[AVAILABLE DATA]

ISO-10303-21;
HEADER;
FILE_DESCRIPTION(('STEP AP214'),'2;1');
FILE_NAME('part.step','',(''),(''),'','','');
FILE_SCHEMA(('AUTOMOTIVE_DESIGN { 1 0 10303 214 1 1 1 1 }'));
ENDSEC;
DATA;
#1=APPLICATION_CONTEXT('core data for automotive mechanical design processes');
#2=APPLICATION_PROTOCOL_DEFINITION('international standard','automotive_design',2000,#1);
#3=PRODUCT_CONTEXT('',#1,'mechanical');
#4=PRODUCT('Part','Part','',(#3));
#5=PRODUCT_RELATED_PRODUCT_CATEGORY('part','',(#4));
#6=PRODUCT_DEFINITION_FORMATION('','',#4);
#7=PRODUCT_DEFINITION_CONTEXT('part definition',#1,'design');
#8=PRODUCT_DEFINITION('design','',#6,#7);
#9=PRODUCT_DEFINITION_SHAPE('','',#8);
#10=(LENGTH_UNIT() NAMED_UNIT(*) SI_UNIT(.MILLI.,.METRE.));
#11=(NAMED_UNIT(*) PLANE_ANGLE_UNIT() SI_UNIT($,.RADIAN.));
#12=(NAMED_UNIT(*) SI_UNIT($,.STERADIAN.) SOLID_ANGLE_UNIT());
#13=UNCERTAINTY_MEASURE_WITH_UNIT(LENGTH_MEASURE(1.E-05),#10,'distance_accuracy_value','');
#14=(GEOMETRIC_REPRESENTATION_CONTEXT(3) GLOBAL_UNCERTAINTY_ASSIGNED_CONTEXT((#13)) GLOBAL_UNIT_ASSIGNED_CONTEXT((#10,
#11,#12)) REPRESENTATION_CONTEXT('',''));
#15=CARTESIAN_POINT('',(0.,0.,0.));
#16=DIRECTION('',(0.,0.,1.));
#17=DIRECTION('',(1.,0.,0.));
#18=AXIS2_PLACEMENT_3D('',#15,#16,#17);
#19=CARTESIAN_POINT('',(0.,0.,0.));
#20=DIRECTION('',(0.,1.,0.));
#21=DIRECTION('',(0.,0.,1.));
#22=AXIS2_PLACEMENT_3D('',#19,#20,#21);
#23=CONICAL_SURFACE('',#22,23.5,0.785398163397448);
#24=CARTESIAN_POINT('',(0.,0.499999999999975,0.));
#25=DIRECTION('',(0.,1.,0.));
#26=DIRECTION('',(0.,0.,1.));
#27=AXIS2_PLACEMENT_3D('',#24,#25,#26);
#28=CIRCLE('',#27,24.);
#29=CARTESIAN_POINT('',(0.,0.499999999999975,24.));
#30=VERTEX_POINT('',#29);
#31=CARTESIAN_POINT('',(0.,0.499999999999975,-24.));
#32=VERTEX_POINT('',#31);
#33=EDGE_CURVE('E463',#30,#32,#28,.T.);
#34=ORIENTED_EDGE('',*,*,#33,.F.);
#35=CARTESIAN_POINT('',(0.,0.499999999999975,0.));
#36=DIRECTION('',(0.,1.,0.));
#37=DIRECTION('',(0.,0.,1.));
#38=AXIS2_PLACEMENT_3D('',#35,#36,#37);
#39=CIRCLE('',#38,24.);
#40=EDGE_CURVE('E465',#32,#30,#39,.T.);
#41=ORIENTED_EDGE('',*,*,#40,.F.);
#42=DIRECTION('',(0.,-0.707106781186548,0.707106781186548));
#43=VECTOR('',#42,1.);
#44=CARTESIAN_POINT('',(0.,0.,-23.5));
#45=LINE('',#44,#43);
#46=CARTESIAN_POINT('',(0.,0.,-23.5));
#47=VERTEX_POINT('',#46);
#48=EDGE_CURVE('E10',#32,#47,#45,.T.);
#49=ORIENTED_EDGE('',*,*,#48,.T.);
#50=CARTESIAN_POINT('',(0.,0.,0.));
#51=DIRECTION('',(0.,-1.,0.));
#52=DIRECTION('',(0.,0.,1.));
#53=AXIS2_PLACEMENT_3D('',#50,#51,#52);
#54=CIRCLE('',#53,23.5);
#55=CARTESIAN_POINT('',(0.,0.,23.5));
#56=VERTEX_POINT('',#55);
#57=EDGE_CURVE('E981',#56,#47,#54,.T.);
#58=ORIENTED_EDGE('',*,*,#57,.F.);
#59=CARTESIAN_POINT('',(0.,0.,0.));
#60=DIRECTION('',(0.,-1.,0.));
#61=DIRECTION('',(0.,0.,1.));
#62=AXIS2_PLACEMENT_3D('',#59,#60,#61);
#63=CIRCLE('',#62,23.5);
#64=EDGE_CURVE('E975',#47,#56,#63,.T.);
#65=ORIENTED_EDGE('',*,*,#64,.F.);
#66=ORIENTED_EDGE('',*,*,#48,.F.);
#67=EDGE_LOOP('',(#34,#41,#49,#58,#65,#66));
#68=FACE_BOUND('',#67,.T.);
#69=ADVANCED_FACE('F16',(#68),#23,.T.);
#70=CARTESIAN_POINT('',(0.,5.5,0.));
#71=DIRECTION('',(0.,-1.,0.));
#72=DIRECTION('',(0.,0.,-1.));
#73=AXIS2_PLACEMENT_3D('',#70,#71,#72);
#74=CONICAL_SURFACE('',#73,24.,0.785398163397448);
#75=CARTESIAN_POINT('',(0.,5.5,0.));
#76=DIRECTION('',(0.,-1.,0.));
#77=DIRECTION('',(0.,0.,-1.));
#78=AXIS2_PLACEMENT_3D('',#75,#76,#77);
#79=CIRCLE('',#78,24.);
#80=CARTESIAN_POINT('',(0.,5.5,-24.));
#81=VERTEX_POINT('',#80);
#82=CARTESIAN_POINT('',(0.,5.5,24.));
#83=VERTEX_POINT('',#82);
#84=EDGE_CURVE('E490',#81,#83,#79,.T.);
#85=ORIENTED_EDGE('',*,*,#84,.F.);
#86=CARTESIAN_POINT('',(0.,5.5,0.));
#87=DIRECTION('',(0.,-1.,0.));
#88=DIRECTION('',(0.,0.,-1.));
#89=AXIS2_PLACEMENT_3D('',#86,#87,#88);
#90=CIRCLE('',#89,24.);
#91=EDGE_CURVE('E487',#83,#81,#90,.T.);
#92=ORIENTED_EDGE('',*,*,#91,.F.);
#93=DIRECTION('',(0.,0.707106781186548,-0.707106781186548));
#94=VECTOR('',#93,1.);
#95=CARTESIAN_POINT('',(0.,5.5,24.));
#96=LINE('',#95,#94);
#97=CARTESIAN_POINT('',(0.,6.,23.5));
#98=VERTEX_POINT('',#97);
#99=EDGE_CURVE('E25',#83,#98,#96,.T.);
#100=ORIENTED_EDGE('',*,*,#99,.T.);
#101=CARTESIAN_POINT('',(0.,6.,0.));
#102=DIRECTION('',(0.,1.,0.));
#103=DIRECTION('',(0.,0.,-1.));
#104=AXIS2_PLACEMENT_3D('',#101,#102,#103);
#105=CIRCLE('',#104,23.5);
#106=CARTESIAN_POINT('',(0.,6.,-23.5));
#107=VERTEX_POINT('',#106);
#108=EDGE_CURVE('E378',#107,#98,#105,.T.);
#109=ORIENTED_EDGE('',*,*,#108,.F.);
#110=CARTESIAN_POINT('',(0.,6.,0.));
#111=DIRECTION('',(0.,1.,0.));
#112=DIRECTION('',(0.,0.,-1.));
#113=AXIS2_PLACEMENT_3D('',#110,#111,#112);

[/AVAILABLE DATA]

TASK STATEMENT:
Take the stretch of lines above from the one containing "#27=AXIS2_PLACEMENT_3D('',#24,#25,#26);" through the one containing "#35=CARTESIAN_POINT('',(0.,0.499999999999975,0.));" and repeat it exactly, adding no other line.

RESPONSE BOX:
#27=AXIS2_PLACEMENT_3D('',#24,#25,#26);
#28=CIRCLE('',#27,24.);
#29=CARTESIAN_POINT('',(0.,0.499999999999975,24.));
#30=VERTEX_POINT('',#29);
#31=CARTESIAN_POINT('',(0.,0.499999999999975,-24.));
#32=VERTEX_POINT('',#31);
#33=EDGE_CURVE('E463',#30,#32,#28,.T.);
#34=ORIENTED_EDGE('',*,*,#33,.F.);
#35=CARTESIAN_POINT('',(0.,0.499999999999975,0.));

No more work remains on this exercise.